I have never been able to get paste solder to work very well for me
and I noticed that nobody suggested using powdered solder for
soldering two halves of a bead. That is what I use and yes you have
to solder with a hot flame and get it done quickly or it will just
form a crust. I just flux the bottom half and set it in place and
then flux the top half of the bead and then dip it in the powdered
solder. I put it on a charcoal block with a depression to keep it
steady and put that on a turn table so I can keep it rotating and
just heat under the lower half for a few seconds and then heat the
top half and then aim for the seam while it is rotating and it flows
beautifully for me. I just make sure that there is no powder on the
outside and if it is a textured bead, I paint the surface with white
out and let that dry before fluxing. It comes from Unique Solutions
and they are located in Florida. One thing I forgot to say is that I
use Handi-Tak which is a sticky clay like product that never dries
out to pick up the top half and dip it into the powder and then set
it on the bottom half.

Hope this helps for those who can’t deal with the paste flux.

Lona

Hi all,

Rio is not the only place that sells paste solder.

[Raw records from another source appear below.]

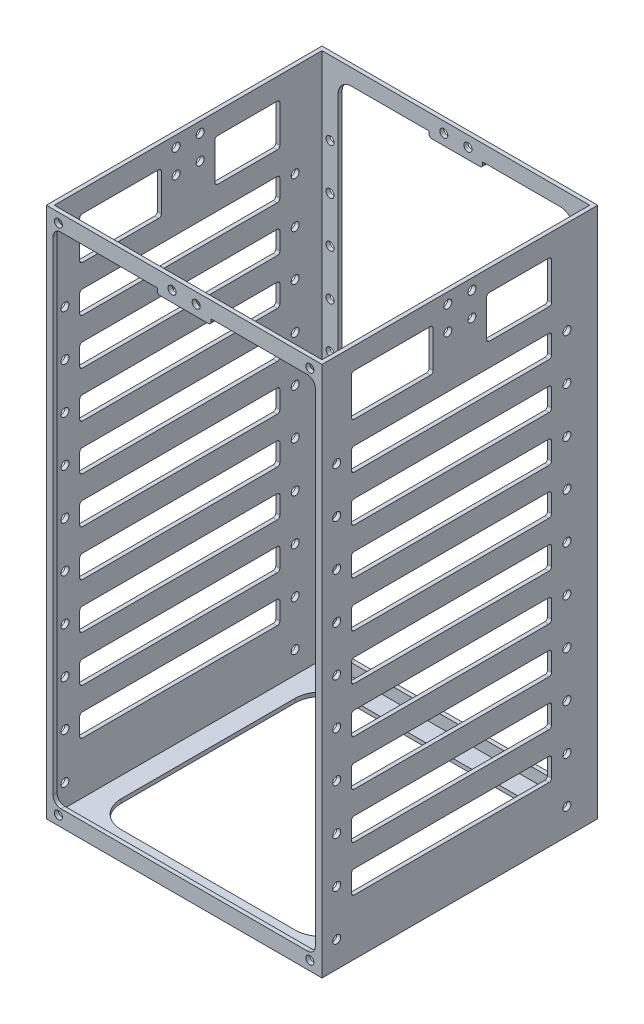
SolidWorks part; units mm, degrees
material "6063-T6"
ref_plane "Front Plane" through (0, 0, 0) normal (0, 0, 1) x (1, 0, 0)
ref_plane "Top Plane" through (0, 0, 0) normal (0, 1, 0) x (1, 0, 0)
ref_plane "Right Plane" through (0, 0, 0) normal (1, 0, 0) x (0, 0, -1)
sketch "Sketch1" plane through (0, 0, 0) normal (0, 1, 0) x (1, 0, 0)
  line L1 (-51.5, -51.5) -> (51.5, -51.5)
  line L2 (-51.5, -51.5) -> (-51.5, 51.5)
  line L3 (-51.5, 51.5) -> (51.5, 51.5)
  line L4 (51.5, -51.5) -> (51.5, 51.5)
  line L5 (-51.5, -51.5) -> (51.5, 51.5) construction
  line L6 (-51.5, 51.5) -> (51.5, -51.5) construction
  line L7 (-32.5, -42.5) -> (32.5, -42.5)
  line L8 (-42.5, -32.5) -> (-42.5, 32.5)
  line L9 (-32.5, 42.5) -> (32.5, 42.5)
  line L10 (42.5, -32.5) -> (42.5, 32.5)
  line L11 (-42.5, -42.5) -> (42.5, 42.5) construction
  line L12 (-42.5, 42.5) -> (42.5, -42.5) construction
  arc A0 (32.5, -42.5) -> (42.5, -32.5) centre (32.5, -32.5) ccw
  arc A1 (32.5, 42.5) -> (42.5, 32.5) centre (32.5, 32.5) cw
  arc A2 (-42.5, 32.5) -> (-32.5, 42.5) centre (-32.5, 32.5) cw
  arc A3 (-32.5, -42.5) -> (-42.5, -32.5) centre (-32.5, -32.5) cw
  point P0 (0, 0)
  point P6 (0, 0)
  dimension "D3" = 10
  dimension "D1" = 103
  dimension "D2" = 42.5
extrude "Boss-Extrude2" add sketch "Sketch1" along normal blind 1.5 contours A3 L7 A0 L10 A1 L9 A2 L8 | L2 L1 L4 L3 region at (0, 0, 0)
sketch "Sketch3" plane through (0, 1.5, 0) normal (0, 1, 0) x (1, 0, 0)
  line L1 (-51.5, -51.5) -> (51.5, -51.5)
  line L2 (-51.5, -51.5) -> (-51.5, 51.5)
  line L3 (-51.5, 51.5) -> (51.5, 51.5)
  line L4 (51.5, -51.5) -> (51.5, 51.5)
  line L5 (-51.5, -51.5) -> (51.5, 51.5) construction
  line L6 (-51.5, 51.5) -> (51.5, -51.5) construction
  line L7 (-50, -50) -> (50, -50)
  line L8 (-50, -50) -> (-50, 50)
  line L9 (-50, 50) -> (50, 50)
  line L10 (50, -50) -> (50, 50)
  line L11 (-50, -50) -> (50, 50) construction
  line L12 (-50, 50) -> (50, -50) construction
  point P0 (0, 0)
  point P7 (0, 0)
  dimension "D1" = 100
extrude "Boss-Extrude3" add sketch "Sketch3" along normal blind 197 contours L8 L7 L10 L9 | L2 L3 L4 L1
sketch "Sketch4" plane through (0, 0, -51.5) normal (0, 0, 1) x (1, 0, 0)
  line L0 (-51.5, 0) -> (51.5, 0) construction
  line L1 (-39, 6) -> (39, 6)
  line L2 (-44, 11) -> (-44, 187.5)
  line L3 (-39, 192.5) -> (39, 192.5)
  line L4 (44, 11) -> (44, 187.5)
  line L5 (-44, 6) -> (44, 192.5) construction
  line L6 (-44, 192.5) -> (44, 6) construction
  line L7 (51.5, 198.5) -> (51.5, 0) construction
  line L8 (-50, 198.5) -> (50, 198.5) construction
  line L9 (-51.5, 198.5) -> (-51.5, 0) construction
  arc A0 (-39, 6) -> (-44, 11) centre (-39, 11) cw
  arc A1 (39, 6) -> (44, 11) centre (39, 11) ccw
  arc A2 (39, 192.5) -> (44, 187.5) centre (39, 187.5) cw
  arc A3 (-44, 187.5) -> (-39, 192.5) centre (-39, 187.5) cw
  point P0 (0, 99.25)
  dimension "D5" = 5
  dimension "D1" = 6
  dimension "D2" = 7.5
  dimension "D3" = 6
  dimension "D4" = 7.5
extrude "Cut-Extrude1" cut sketch "Sketch4" along normal up to surface (1.5 mm away) up to face at (0, 100, -50)
sketch "Sketch5" plane through (0, 0, 51.5) normal (0, 0, 1) x (1, 0, 0)
  line L0 (-51.5, 198.5) -> (51.5, 198.5) construction
  line L1 (-46, 6) -> (46, 6)
  line L2 (-49, 9) -> (-49, 189.5)
  line L3 (-46, 192.5) -> (46, 192.5)
  line L4 (49, 9) -> (49, 189.5)
  line L5 (-49, 6) -> (49, 192.5) construction
  line L6 (-49, 192.5) -> (49, 6) construction
  line L7 (-51.5, 1.5) -> (51.5, 1.5) construction
  line L8 (-51.5, 198.5) -> (-51.5, 0) construction
  line L9 (51.5, 198.5) -> (51.5, 0) construction
  arc A0 (46, 6) -> (49, 9) centre (46, 9) ccw
  arc A1 (-46, 6) -> (-49, 9) centre (-46, 9) cw
  arc A2 (46, 192.5) -> (49, 189.5) centre (46, 189.5) cw
  arc A3 (-49, 189.5) -> (-46, 192.5) centre (-46, 189.5) cw
  point P0 (0, 99.25)
  dimension "D5" = 3
  dimension "D1" = 6
  dimension "D2" = 4.5
  dimension "D3" = 2.5
  dimension "D4" = 2.5
sketch "Sketch6" plane through (51.5, 0, 0) normal (1, 0, 0) x (0, 0, -1)
  line L0 (-51.5, 6) -> (-51.5, 192.5) construction
  line L2 (-51.5, 0) -> (51.5, 0) construction
  circle A0 centre (-46, 9.75) radius 1.5
  circle A1 centre (40, 9.75) radius 1.5
  circle A2 centre (-46, 26.85) radius 1.5
  circle A3 centre (40, 26.85) radius 1.5
  circle A4 centre (-46, 43.95) radius 1.5
  circle A5 centre (40, 43.95) radius 1.5
  circle A6 centre (-46, 61.05) radius 1.5
  circle A7 centre (40, 61.05) radius 1.5
  circle A8 centre (-46, 78.15) radius 1.5
  circle A9 centre (40, 78.15) radius 1.5
  circle A10 centre (-46, 95.25) radius 1.5
  circle A11 centre (40, 95.25) radius 1.5
  circle A12 centre (-46, 112.35) radius 1.5
  circle A13 centre (40, 112.35) radius 1.5
  circle A14 centre (-46, 129.45) radius 1.5
  circle A15 centre (40, 129.45) radius 1.5
  circle A16 centre (-46, 146.55) radius 1.5
  circle A17 centre (40, 146.55) radius 1.5
  circle A18 centre (-46, 163.65) radius 1.5
  circle A19 centre (40, 163.65) radius 1.5
  dimension "D4" = 3
  dimension "D5" = 3
  dimension "D1" = 5.5
  dimension "D2" = 86
  dimension "D3" = 9.75
  dimension "D7" = 17.1
  dimension "D9" = 17.1
  dimension "D6" = 9
  dimension "D8" = 2
extrude "Cut-Extrude2" cut sketch "Sketch6" against normal through all
extrude "Cut-Extrude3" cut sketch "Sketch5" against normal up to surface (1.5 mm away) up to face at (0, 100, 50)
sketch "Sketch7" plane through (51.5, 0, 0) normal (1, 0, 0) x (0, 0, -1)
  line L0 (-40.5, 38.95) -> (-40.5, 45.45)
  line L1 (-39.5, 20.85) -> (33.25, 20.85)
  line L2 (-40.5, 21.85) -> (-40.5, 28.35)
  line L3 (-39.5, 29.35) -> (33.25, 29.35)
  line L4 (34.25, 21.85) -> (34.25, 28.35)
  line L5 (-40.5, 20.85) -> (34.25, 29.35) construction
  line L6 (-40.5, 29.35) -> (34.25, 20.85) construction
  line L7 (-40.5, 158.65) -> (-40.5, 165.15)
  line L8 (-39.5, 37.95) -> (33.25, 37.95)
  line L9 (34.25, 38.95) -> (34.25, 45.45)
  line L10 (-39.5, 46.45) -> (33.25, 46.45)
  line L11 (-40.5, 56.05) -> (-40.5, 62.55)
  line L12 (-39.5, 55.05) -> (33.25, 55.05)
  line L13 (34.25, 56.05) -> (34.25, 62.55)
  line L14 (-39.5, 63.55) -> (33.25, 63.55)
  line L15 (-40.5, 73.15) -> (-40.5, 79.65)
  line L16 (-39.5, 72.15) -> (33.25, 72.15)
  line L17 (34.25, 73.15) -> (34.25, 79.65)
  line L18 (-39.5, 80.65) -> (33.25, 80.65)
  line L19 (-40.5, 90.25) -> (-40.5, 96.75)
  line L20 (-39.5, 89.25) -> (33.25, 89.25)
  line L21 (34.25, 90.25) -> (34.25, 96.75)
  line L22 (-39.5, 97.75) -> (33.25, 97.75)
  line L23 (-40.5, 107.35) -> (-40.5, 113.85)
  line L24 (-39.5, 106.35) -> (33.25, 106.35)
  line L25 (34.25, 107.35) -> (34.25, 113.85)
  line L26 (-39.5, 114.85) -> (33.25, 114.85)
  line L27 (-40.5, 124.45) -> (-40.5, 130.95)
  line L28 (-39.5, 123.45) -> (33.25, 123.45)
  line L29 (34.25, 124.45) -> (34.25, 130.95)
  line L30 (-39.5, 131.95) -> (33.25, 131.95)
  line L31 (-40.5, 141.55) -> (-40.5, 148.05)
  line L32 (-39.5, 140.55) -> (33.25, 140.55)
  line L33 (34.25, 141.55) -> (34.25, 148.05)
  line L34 (-39.5, 149.05) -> (33.25, 149.05)
  line L35 (-39.5, 157.65) -> (33.25, 157.65)
  line L36 (34.25, 158.65) -> (34.25, 165.15)
  line L37 (-39.5, 166.15) -> (33.25, 166.15)
  line L38 (-40.5, 141.55) -> (-40.5, 158.65) construction
  circle A0 centre (-46, 9.75) radius 1.5 construction
  arc A1 (33.25, 29.35) -> (34.25, 28.35) centre (33.25, 28.35) cw
  arc A2 (33.25, 20.85) -> (34.25, 21.85) centre (33.25, 21.85) ccw
  arc A3 (-39.5, 20.85) -> (-40.5, 21.85) centre (-39.5, 21.85) cw
  arc A4 (-40.5, 28.35) -> (-39.5, 29.35) centre (-39.5, 28.35) cw
  arc A5 (-40.5, 45.45) -> (-39.5, 46.45) centre (-39.5, 45.45) cw
  arc A6 (-39.5, 37.95) -> (-40.5, 38.95) centre (-39.5, 38.95) cw
  arc A7 (33.25, 37.95) -> (34.25, 38.95) centre (33.25, 38.95) ccw
  arc A8 (33.25, 46.45) -> (34.25, 45.45) centre (33.25, 45.45) cw
  arc A9 (-40.5, 62.55) -> (-39.5, 63.55) centre (-39.5, 62.55) cw
  arc A10 (-39.5, 55.05) -> (-40.5, 56.05) centre (-39.5, 56.05) cw
  arc A11 (33.25, 55.05) -> (34.25, 56.05) centre (33.25, 56.05) ccw
  arc A12 (33.25, 63.55) -> (34.25, 62.55) centre (33.25, 62.55) cw
  arc A13 (-40.5, 79.65) -> (-39.5, 80.65) centre (-39.5, 79.65) cw
  arc A14 (-39.5, 72.15) -> (-40.5, 73.15) centre (-39.5, 73.15) cw
  arc A15 (33.25, 72.15) -> (34.25, 73.15) centre (33.25, 73.15) ccw
  arc A16 (33.25, 80.65) -> (34.25, 79.65) centre (33.25, 79.65) cw
  arc A17 (-40.5, 96.75) -> (-39.5, 97.75) centre (-39.5, 96.75) cw
  arc A18 (-39.5, 89.25) -> (-40.5, 90.25) centre (-39.5, 90.25) cw
  arc A19 (33.25, 89.25) -> (34.25, 90.25) centre (33.25, 90.25) ccw
  arc A20 (33.25, 97.75) -> (34.25, 96.75) centre (33.25, 96.75) cw
  arc A21 (-40.5, 113.85) -> (-39.5, 114.85) centre (-39.5, 113.85) cw
  arc A22 (-39.5, 106.35) -> (-40.5, 107.35) centre (-39.5, 107.35) cw
  arc A23 (33.25, 106.35) -> (34.25, 107.35) centre (33.25, 107.35) ccw
  arc A24 (33.25, 114.85) -> (34.25, 113.85) centre (33.25, 113.85) cw
  arc A25 (-40.5, 130.95) -> (-39.5, 131.95) centre (-39.5, 130.95) cw
  arc A26 (-39.5, 123.45) -> (-40.5, 124.45) centre (-39.5, 124.45) cw
  arc A27 (33.25, 123.45) -> (34.25, 124.45) centre (33.25, 124.45) ccw
  arc A28 (33.25, 131.95) -> (34.25, 130.95) centre (33.25, 130.95) cw
  arc A29 (-40.5, 148.05) -> (-39.5, 149.05) centre (-39.5, 148.05) cw
  arc A30 (-39.5, 140.55) -> (-40.5, 141.55) centre (-39.5, 141.55) cw
  arc A31 (33.25, 140.55) -> (34.25, 141.55) centre (33.25, 141.55) ccw
  arc A32 (33.25, 149.05) -> (34.25, 148.05) centre (33.25, 148.05) cw
  arc A33 (-40.5, 165.15) -> (-39.5, 166.15) centre (-39.5, 165.15) cw
  arc A34 (-39.5, 157.65) -> (-40.5, 158.65) centre (-39.5, 158.65) cw
  circle A35 centre (40, 9.75) radius 1.5 construction
  arc A36 (33.25, 157.65) -> (34.25, 158.65) centre (33.25, 158.65) ccw
  arc A37 (33.25, 166.15) -> (34.25, 165.15) centre (33.25, 165.15) cw
  point P0 (-3.125, 25.1)
  dimension "D5" = 1
  dimension "D3" = 5.75
  dimension "D1" = 8.5
  dimension "D2" = 11.1
  dimension "D4" = 5.5
  dimension "D7" = 8.6
  dimension "D9" = 8.6
  dimension "D6" = 8
  dimension "D8" = 2
extrude "Cut-Extrude4" cut sketch "Sketch7" against normal through all
sketch "Sketch8" plane through (51.5, 0, 0) normal (1, 0, 0) x (0, 0, -1)
  line L7 (-51.5, 198.5) -> (51.5, 198.5) construction
  line L15 (-39.5, 190.5) -> (33.25, 190.5)
  line L16 (-40.5, 189.5) -> (-40.5, 175.75)
  line L17 (-39.5, 174.75) -> (33.25, 174.75)
  line L18 (34.25, 189.5) -> (34.25, 175.75)
  line L19 (33.25, 166.15) -> (-39.5, 166.15) construction
  arc A15 (33.25, 190.5) -> (34.25, 189.5) centre (33.25, 189.5) cw
  arc A16 (33.25, 174.75) -> (34.25, 175.75) centre (33.25, 175.75) ccw
  arc A17 (-40.5, 175.75) -> (-39.5, 174.75) centre (-39.5, 175.75) ccw
  arc A18 (-39.5, 190.5) -> (-40.5, 189.5) centre (-39.5, 189.5) ccw
  circle A19 centre (-46, 163.65) radius 1.5 construction
  circle A20 centre (40, 163.65) radius 1.5 construction
  point P0 (-2.625, 162.85)
  dimension "D6" = 1
  dimension "D2" = 8.6
  dimension "D8" = 8
  dimension "D9" = 5.5
  dimension "D10" = 5.75
extrude "Cut-Extrude5" cut sketch "Sketch8" against normal through all
sketch "Sketch15" plane through (51.5, 0, 0) normal (1, 0, 0) x (0, 0, -1)
  line L0 (-50, 198.5) -> (-50, 1.5) construction
  line L7 (33.25, 190.5) -> (-39.5, 190.5) construction
  line L8 (-10, 190.5) -> (10, 190.5)
  line L9 (-10, 190.5) -> (-10, 174.75)
  line L10 (-10, 174.75) -> (10, 174.75)
  line L11 (10, 190.5) -> (10, 174.75)
  line L12 (-39.5, 174.75) -> (33.25, 174.75) construction
  dimension "D1" = 20
  dimension "D2" = 40
extrude "Boss-Extrude4" add sketch "Sketch15" against normal up to surface (1.5 mm away) up to face at (50, 182.625, 3.125)
sketch "Sketch16" plane through (-51.5, 0, 0) normal (-1, 0, 0) x (0, 0, 1)
  line L7 (-10, 190.5) -> (10, 190.5)
  line L8 (-10, 190.5) -> (-10, 174.75)
  line L9 (-10, 174.75) -> (10, 174.75)
  line L10 (10, 190.5) -> (10, 174.75)
extrude "Boss-Extrude5" add sketch "Sketch16" against normal up to surface (1.5 mm away) up to face at (-50, 182.625, 3.125)
sketch "Sketch9" plane through (51.5, 0, 0) normal (1, 0, 0) x (0, 0, -1)
  line L0 (-51.5, 198.5) -> (51.5, 198.5) construction
  line L2 (-11.0428, 190) -> (9.2919, 190) construction
  line L3 (-50, 198.5) -> (-50, 1.5) construction
  circle A0 centre (-4.5, 194.5) radius 1.5
  circle A1 centre (4.5, 194.5) radius 1.5
  circle A2 centre (4.5, 185.5) radius 1.5
  circle A3 centre (-4.5, 185.5) radius 1.5
  dimension "D1" = 3
  dimension "D3" = 9
  dimension "D5" = 3
  dimension "D2" = 4
  dimension "D4" = 45.5
  dimension "D6" = 4.5
extrude "Cut-Extrude6" cut sketch "Sketch9" against normal through all
fillet "Fillet1" radius 1 8 edges at (-50.75, 174.75, 10) (-50.75, 190.5, 10) (-50.75, 190.5, -10) (-50.75, 174.75, -10) (50.75, 190.5, 10) (50.75, 174.75, 10) (50.75, 174.75, -10) (50.75, 190.5, -10)
sketch "Sketch18" plane through (0, 0, -51.5) normal (0, 0, -1) x (-1, 0, 0)
  line L0 (-39, 192.5) -> (39, 192.5) construction
  line L1 (-10, 192.5) -> (10, 192.5)
  line L2 (-10, 192.5) -> (-10, 191.5)
  line L3 (-9, 190.5) -> (9, 190.5)
  line L4 (10, 192.5) -> (10, 191.5)
  line L6 (-50, 198.5) -> (-50, 1.5) construction
  arc A0 (9, 190.5) -> (10, 191.5) centre (9, 191.5) ccw
  arc A1 (-10, 191.5) -> (-9, 190.5) centre (-9, 191.5) ccw
  point P4 (-10, 192)
  dimension "D3" = 1
  dimension "D1" = 2
  dimension "D2" = 20
  dimension "D4" = 40
extrude "Boss-Extrude7" add sketch "Sketch18" against normal up to surface (1.5 mm away) up to face at (0, 99.25, -50)
sketch "Sketch17" plane through (0, 0, 51.5) normal (0, 0, 1) x (1, 0, 0)
  line L0 (46, 192.5) -> (-46, 192.5) construction
  line L1 (-10, 192.5) -> (10, 192.5)
  line L2 (-10, 192.5) -> (-10, 191.5)
  line L3 (-9, 190.5) -> (9, 190.5)
  line L4 (10, 192.5) -> (10, 191.5)
  line L5 (-50, 198.5) -> (-50, 1.5) construction
  arc A0 (9, 190.5) -> (10, 191.5) centre (9, 191.5) ccw
  arc A1 (-10, 191.5) -> (-9, 190.5) centre (-9, 191.5) ccw
  dimension "D4" = 1
  dimension "D1" = 20
  dimension "D2" = 40
  dimension "D3" = 2
extrude "Boss-Extrude6" add sketch "Sketch17" against normal up to surface (1.5 mm away) up to face at (0, 99.25, 50)
sketch "Sketch19" plane through (0, 0, 51.5) normal (0, 0, 1) x (1, 0, 0)
  line L0 (0, 198.5) -> (0, 190.5) construction
  line L1 (-9, 190.5) -> (9, 190.5) construction
  line L3 (-51.5, 198.5) -> (51.5, 198.5) construction
  circle A0 centre (-4.5, 194.5) radius 1.5
  circle A1 centre (4.5, 194.5) radius 1.5
  dimension "D1" = 3
  dimension "D2" = 4
  dimension "D3" = 4.5
extrude "Cut-Extrude7" cut sketch "Sketch19" against normal through all
sketch "Sketch20" plane through (0, 0, 51.5) normal (0, 0, 1) x (1, 0, 0)
  line L1 (-51.5, 0) -> (51.5, 0) construction
  line L2 (0, 198.5) -> (0, 0) construction
  line L3 (-51.5, 198.5) -> (51.5, 198.5) construction
  line L4 (-50, 198.5) -> (-50, 1.5) construction
  line L5 (-50, 198.5) -> (-50, 1.5) construction
  circle A0 centre (-46.98, 3.5) radius 1.5
  circle A1 centre (-46.98, 195) radius 1.5
  circle A2 centre (46.98, 3.5) radius 1.5
  circle A3 centre (46.98, 195) radius 1.5
  dimension "D1" = 3
  dimension "D4" = 3
  dimension "D2" = 3.02
  dimension "D3" = 3.5
  dimension "D5" = 3.02
  dimension "D6" = 3.5
extrude "Cut-Extrude8" cut sketch "Sketch20" against normal up to surface (1.5 mm away) up to face at (-6, 194.5, 50)
sketch "Sketch23" plane through (0, 0, -51.5) normal (0, 0, -1) x (-1, 0, 0)
  line L0 (-51.5, 198.5) -> (-51.5, 0) construction
  line L1 (51.5, 0) -> (-51.5, 0) construction
  line L2 (0, 198.5) -> (0, 0) construction
  line L3 (51.5, 198.5) -> (-51.5, 198.5) construction
  circle A0 centre (-47, 17.05) radius 1.5
  circle A2 centre (-47, 34.15) radius 1.5
  circle A3 centre (-47, 51.25) radius 1.5
  circle A4 centre (-47, 68.35) radius 1.5
  circle A5 centre (-47, 85.45) radius 1.5
  circle A6 centre (-47, 102.55) radius 1.5
  circle A7 centre (-47, 119.65) radius 1.5
  circle A8 centre (-47, 136.75) radius 1.5
  circle A9 centre (-47, 153.85) radius 1.5
  circle A10 centre (-47, 170.95) radius 1.5
  circle A11 centre (47, 170.95) radius 1.5
  circle A12 centre (47, 153.85) radius 1.5
  circle A13 centre (47, 136.75) radius 1.5
  circle A14 centre (47, 119.65) radius 1.5
  circle A15 centre (47, 102.55) radius 1.5
  circle A16 centre (47, 85.45) radius 1.5
  circle A17 centre (47, 68.35) radius 1.5
  circle A18 centre (47, 51.25) radius 1.5
  circle A19 centre (47, 34.15) radius 1.5
  circle A20 centre (47, 17.05) radius 1.5
  dimension "D1" = 3
  dimension "D2" = 4.5
  dimension "D3" = 17.05
  dimension "D5" = 17.1
  dimension "D4" = 10
extrude "Cut-Extrude10" cut sketch "Sketch23" against normal up to surface (1.5 mm away) up to face at (-6, 194.5, -50)

Many different
metal dealers sell it as well. The others carry hard, medium and the
two easy solder versions. That said I have a love hate relationship
with paste solder. In theory it sounds good, but for me it is a PIA.
Even making beads I have a problem. But this is me. I found it would
invariably have pitting. If something needs a solder like paste, I go
further and use powdered solder and paste flux. With that I never
have the pitting problem. Again this is just me.

Aggie, mostly packed and ready to leave my mountaintop this weekend.

Hi Cynthia

This is great info about using paste solder for soldering bead
halves and larger items. I must try this. You are using a good hot
torch and are not afraid to apply heat and know intuitively how much
heat to apply for the scale of the project.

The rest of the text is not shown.